还不如看不清。泽田纲吉快要与身体分离的脖颈撕开一道明晃晃的血口子,啪嗒啪嗒掉下来红黄相间的组织。
“云雀学长?”
只是一个劲的胃疼,是真的胃在疼,热呼呼的膨胀似乎有一罐子煮开的豆,咕嘟咕嘟。
他看着行尸一样的泽田纲吉沾满血的手搭上他的肩膀轻轻的摇晃,被压力覆盖的皮肤隔着衣料赶到湿滑和冰冷,从脚底泛起一阵恶寒。
对于面前血淋淋的泽田纲吉,云雀实在想不出他该做出什么反应。
条件反射挥开,触碰到泽田的手的瞬间,那条脆弱的胳膊干脆直接断了下来。
感觉喷薄而出的液体溅在身上脸上,云雀有些困惑的摸上去抹了一下,摊开手,流动的液体脸咸腥发臭的味道都如假包换。
这他妈的开什么玩笑。
他只是觉得什么失控了,就像他的胃疼导致着头疼然后视觉系统开始说谎一样。
“学长,你,没事吧,脸色很糟糕。”
“不需要你管,嗯……”
所有属于他能掌控的部分都开始不真实的失控。
隐忍在腹部的疼痛开始爬到全身上下,但是还不至于让他就这样倒下去。
无视了身后泽田纲吉唯唯诺诺的闻讯他转身迈着浮软的步伐,推开门之前他回头淡淡的瞥了一眼泽田纲吉,余光的视线中彭格列简直就是一只来自梦魇的蠕动喘息的血肉怪物。
云雀恭弥倒吸一口气,依旧冷静的随手碰的关上门,就如同他通常那样做的,从不把食草动物看在眼里那般。
但是事实确实不是如此简单,这件事从云雀恭弥看到同样血肉模糊的草壁哲夫之后就更加肯定。

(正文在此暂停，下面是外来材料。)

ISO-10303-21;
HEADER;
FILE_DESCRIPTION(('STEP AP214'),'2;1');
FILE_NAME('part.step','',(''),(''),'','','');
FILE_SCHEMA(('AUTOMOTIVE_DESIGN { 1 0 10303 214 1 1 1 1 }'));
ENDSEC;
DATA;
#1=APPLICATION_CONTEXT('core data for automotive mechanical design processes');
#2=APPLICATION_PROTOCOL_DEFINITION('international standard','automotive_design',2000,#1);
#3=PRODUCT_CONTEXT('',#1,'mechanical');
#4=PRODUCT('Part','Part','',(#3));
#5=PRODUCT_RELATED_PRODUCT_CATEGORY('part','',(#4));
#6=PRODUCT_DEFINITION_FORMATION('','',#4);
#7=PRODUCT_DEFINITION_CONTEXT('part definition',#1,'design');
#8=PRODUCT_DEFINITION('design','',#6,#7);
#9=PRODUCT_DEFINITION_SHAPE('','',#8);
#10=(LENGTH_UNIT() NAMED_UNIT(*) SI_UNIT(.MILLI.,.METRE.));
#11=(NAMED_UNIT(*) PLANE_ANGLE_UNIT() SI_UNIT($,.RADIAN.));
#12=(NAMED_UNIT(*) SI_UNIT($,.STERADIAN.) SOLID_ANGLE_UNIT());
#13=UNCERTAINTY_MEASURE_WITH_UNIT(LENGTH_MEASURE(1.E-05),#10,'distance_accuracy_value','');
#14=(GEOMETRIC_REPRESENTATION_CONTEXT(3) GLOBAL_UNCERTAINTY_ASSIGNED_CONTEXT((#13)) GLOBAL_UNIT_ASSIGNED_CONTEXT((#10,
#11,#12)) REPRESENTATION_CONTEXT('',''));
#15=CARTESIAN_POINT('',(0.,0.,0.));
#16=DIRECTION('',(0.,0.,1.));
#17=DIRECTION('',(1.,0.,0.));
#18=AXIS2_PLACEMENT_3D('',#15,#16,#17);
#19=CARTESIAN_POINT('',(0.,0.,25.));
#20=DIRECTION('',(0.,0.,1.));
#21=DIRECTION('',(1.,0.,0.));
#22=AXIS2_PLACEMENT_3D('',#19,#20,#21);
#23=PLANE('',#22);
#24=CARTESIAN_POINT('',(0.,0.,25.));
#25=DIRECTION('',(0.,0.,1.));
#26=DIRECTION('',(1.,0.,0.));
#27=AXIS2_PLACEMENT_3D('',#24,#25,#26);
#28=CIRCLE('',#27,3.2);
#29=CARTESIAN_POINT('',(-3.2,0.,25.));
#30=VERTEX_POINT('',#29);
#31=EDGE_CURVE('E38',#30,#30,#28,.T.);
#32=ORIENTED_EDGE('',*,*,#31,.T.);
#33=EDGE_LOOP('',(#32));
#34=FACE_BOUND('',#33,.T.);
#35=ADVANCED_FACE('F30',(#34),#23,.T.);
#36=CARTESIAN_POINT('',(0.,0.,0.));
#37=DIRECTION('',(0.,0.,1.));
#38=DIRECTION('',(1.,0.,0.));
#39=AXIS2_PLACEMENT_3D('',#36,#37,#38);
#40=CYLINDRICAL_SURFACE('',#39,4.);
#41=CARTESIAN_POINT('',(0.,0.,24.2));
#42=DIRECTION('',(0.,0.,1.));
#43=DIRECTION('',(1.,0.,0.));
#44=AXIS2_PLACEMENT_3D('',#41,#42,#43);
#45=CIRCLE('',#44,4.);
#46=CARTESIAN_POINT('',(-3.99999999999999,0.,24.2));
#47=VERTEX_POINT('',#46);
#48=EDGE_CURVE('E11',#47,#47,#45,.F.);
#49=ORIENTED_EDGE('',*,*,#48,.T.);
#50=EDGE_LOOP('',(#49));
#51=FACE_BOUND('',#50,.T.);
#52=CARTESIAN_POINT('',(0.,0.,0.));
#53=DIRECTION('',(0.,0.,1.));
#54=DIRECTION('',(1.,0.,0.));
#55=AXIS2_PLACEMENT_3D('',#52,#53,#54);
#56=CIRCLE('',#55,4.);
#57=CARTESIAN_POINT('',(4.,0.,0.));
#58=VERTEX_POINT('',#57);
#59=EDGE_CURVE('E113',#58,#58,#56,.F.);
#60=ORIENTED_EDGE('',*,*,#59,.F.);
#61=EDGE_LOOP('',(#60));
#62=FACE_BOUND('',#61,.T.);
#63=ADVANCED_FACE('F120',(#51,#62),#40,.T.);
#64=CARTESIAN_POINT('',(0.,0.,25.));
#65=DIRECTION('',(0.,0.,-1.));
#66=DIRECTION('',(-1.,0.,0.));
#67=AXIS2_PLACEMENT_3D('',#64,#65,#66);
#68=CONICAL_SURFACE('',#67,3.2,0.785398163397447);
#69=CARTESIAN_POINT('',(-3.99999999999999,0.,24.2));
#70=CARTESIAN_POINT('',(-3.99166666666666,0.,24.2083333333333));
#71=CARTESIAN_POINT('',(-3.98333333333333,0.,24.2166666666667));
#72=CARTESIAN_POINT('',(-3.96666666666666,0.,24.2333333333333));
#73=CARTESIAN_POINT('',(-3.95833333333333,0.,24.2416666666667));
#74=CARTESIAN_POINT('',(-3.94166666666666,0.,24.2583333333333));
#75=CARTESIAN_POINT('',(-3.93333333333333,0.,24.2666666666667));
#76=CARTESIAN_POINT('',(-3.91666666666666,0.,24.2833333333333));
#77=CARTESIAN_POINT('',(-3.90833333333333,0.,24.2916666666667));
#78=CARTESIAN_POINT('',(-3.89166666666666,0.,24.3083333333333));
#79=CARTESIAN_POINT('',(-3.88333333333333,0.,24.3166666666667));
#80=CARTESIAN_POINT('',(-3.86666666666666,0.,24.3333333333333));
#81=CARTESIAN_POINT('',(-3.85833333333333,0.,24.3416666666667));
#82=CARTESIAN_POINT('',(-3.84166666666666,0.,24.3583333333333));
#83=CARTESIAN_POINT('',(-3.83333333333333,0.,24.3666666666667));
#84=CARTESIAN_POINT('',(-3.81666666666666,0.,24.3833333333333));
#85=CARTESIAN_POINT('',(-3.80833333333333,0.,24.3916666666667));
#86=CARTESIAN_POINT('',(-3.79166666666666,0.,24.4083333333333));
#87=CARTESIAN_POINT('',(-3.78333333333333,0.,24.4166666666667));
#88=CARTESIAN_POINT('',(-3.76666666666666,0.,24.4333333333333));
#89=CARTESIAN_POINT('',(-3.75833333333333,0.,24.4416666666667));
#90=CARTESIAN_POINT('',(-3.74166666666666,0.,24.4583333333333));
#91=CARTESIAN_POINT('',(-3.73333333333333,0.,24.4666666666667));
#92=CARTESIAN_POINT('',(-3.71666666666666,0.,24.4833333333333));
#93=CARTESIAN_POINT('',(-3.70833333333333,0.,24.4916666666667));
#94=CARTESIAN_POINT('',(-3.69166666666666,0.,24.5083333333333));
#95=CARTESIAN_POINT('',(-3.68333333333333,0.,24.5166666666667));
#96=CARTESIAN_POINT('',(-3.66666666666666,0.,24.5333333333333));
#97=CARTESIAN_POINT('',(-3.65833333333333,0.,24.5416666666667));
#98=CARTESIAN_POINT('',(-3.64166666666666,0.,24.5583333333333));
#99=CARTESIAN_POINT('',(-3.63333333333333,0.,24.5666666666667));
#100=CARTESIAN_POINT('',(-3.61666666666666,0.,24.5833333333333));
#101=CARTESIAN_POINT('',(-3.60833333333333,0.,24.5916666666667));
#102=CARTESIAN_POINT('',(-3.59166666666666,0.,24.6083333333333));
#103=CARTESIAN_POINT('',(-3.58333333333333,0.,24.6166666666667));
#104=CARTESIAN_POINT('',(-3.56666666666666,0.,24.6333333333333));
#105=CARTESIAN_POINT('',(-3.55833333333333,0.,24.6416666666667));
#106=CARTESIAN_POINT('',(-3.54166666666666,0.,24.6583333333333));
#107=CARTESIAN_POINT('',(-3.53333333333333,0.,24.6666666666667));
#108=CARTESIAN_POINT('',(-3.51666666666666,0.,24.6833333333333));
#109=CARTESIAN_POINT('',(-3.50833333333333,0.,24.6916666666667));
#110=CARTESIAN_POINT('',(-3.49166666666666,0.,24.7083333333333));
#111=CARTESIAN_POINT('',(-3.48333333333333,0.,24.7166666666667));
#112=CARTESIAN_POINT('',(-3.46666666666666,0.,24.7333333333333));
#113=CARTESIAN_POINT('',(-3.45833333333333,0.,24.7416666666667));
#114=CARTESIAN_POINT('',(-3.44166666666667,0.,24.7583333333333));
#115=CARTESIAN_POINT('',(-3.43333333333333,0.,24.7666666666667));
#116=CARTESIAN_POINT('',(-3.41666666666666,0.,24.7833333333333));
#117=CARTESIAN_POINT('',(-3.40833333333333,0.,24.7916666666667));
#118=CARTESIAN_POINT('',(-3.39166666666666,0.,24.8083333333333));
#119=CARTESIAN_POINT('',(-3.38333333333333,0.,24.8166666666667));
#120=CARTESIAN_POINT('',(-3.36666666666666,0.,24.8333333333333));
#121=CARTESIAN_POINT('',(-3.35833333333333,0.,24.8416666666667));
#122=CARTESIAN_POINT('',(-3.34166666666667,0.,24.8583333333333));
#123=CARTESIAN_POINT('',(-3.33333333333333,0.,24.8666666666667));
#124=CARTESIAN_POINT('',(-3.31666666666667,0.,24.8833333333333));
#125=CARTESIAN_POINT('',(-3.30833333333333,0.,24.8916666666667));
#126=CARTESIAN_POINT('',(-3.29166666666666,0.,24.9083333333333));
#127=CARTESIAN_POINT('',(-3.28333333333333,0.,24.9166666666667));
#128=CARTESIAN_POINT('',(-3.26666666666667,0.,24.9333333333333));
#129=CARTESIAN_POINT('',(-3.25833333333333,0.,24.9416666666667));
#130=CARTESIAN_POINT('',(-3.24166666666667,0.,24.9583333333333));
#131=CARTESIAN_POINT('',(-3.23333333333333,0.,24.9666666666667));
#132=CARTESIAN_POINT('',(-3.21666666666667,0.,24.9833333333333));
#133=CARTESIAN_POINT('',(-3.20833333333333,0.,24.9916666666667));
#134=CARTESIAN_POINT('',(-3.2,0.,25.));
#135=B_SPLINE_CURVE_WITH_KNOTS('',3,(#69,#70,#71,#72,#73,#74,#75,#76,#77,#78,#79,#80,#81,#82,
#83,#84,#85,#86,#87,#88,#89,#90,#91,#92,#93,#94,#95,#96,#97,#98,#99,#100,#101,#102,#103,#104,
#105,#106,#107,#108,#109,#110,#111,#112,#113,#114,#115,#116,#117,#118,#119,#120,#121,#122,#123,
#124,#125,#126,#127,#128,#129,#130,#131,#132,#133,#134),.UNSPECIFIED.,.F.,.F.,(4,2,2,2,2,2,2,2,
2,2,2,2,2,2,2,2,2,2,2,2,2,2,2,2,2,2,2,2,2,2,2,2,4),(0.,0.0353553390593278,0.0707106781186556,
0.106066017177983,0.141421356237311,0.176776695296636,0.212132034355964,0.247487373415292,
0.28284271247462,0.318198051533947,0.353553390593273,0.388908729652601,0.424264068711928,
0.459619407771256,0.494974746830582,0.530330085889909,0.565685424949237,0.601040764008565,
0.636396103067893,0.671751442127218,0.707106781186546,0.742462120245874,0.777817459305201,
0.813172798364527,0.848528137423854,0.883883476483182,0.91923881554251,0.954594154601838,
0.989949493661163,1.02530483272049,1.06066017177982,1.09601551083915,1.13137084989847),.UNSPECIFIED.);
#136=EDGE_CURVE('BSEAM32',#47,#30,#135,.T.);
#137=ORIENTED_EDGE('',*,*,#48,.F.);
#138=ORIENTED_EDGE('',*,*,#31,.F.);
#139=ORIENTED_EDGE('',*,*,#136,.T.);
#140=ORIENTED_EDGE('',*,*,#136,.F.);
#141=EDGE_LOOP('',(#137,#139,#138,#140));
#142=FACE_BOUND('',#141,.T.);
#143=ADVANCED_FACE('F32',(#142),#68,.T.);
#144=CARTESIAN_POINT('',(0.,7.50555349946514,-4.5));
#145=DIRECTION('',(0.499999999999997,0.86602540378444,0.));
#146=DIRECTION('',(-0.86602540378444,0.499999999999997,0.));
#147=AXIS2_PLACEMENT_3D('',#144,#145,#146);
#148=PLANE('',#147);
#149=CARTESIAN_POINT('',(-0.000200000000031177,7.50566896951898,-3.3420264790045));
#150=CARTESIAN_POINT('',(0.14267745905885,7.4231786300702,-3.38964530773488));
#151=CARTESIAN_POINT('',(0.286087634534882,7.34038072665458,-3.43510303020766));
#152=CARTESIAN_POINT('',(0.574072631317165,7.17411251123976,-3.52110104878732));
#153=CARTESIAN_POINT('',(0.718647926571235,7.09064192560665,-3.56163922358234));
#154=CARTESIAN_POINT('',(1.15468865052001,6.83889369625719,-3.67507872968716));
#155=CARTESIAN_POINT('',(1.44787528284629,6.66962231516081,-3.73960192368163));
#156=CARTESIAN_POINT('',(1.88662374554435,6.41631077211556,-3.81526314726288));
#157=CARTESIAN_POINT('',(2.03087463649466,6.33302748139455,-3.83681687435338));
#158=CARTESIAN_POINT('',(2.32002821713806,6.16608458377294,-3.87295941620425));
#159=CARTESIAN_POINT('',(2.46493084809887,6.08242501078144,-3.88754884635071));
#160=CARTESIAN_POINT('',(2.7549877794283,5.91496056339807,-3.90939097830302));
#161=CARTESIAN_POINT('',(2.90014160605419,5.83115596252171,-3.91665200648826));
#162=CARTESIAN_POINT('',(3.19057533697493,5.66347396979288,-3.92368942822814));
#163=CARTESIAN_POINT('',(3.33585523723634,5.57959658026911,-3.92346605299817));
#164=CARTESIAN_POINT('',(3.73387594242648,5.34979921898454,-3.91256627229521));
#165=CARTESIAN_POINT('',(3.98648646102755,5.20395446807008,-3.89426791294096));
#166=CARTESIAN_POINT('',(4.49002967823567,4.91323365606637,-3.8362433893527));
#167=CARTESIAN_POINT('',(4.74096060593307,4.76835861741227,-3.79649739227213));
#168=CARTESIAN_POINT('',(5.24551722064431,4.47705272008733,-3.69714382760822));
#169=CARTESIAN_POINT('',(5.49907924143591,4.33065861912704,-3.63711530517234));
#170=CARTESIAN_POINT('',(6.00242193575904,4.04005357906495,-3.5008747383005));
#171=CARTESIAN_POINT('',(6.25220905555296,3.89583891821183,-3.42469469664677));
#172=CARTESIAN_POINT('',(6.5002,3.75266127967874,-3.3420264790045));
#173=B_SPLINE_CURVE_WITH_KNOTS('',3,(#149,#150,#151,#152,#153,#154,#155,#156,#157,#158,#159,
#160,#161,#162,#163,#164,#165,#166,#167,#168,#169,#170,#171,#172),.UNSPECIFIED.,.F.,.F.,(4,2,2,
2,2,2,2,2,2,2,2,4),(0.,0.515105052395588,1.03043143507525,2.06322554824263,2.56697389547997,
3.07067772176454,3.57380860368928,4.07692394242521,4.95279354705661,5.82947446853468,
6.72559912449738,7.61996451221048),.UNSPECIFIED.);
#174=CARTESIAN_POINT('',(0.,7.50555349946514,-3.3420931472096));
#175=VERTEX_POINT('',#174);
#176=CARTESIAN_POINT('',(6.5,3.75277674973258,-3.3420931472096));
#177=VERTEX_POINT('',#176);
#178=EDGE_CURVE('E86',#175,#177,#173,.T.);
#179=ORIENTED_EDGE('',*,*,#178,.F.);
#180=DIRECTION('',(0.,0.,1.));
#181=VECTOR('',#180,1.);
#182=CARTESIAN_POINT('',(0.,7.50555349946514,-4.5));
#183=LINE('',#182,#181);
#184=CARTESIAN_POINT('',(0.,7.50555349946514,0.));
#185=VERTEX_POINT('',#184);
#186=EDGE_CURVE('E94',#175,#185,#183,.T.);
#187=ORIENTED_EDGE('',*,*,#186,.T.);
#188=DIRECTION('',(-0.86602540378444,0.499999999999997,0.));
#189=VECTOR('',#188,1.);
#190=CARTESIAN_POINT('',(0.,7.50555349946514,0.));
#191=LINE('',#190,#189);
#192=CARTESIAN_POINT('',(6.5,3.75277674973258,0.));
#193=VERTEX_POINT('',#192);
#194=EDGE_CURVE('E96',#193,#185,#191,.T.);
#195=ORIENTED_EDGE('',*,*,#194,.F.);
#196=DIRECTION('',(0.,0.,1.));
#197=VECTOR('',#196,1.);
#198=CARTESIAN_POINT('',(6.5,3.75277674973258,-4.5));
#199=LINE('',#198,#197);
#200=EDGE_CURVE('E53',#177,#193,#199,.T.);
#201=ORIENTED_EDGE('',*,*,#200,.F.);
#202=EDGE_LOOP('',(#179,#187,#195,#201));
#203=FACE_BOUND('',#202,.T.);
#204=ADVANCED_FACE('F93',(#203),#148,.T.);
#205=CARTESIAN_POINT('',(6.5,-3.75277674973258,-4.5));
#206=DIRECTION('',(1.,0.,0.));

接待室里,草壁哲夫递给他的温水,他苍白了脸色接过来,却一点也没有要喝的意思。
玻璃杯沿上沾满了组织碎末和粘稠的血,握着杯子的手绷紧到极限,几乎要把杯子捏碎。
云雀恭弥无法理解的看着从眉心往下的身体几乎就从中间裂成两半的手下机能正常的做着善后工作,这种场面实在是让人呼吸困难。
一切的疯狂在巡视的时候达到了顶点。
成群结队的食草动物们在看见他的一瞬间,脸上写满了一贯的惊恐和敬畏。几乎是紧接着,抽搐着四散着肢体碎成狰狞的肉块,拖着几乎散架的身躯摇摇晃晃的给云雀恭弥闪开一条道,不然就跌跌撞撞的逃开,掉落一地萎缩的内脏和肠子。
所视之处无一不是割开的皮肤,雪白色的骨,外裸的筋肉,沉闷的呼吸,以及粘稠的,铺天盖地的红。
一步步踏进蔓延满地的血水,云雀开始笑食草动物真的是爱群聚无处不在烂都要烂在一起。
可笑的是他根本不知道要如何反应。令人抓狂的一切以及,无法愚蠢的进攻,也无处可退的处境。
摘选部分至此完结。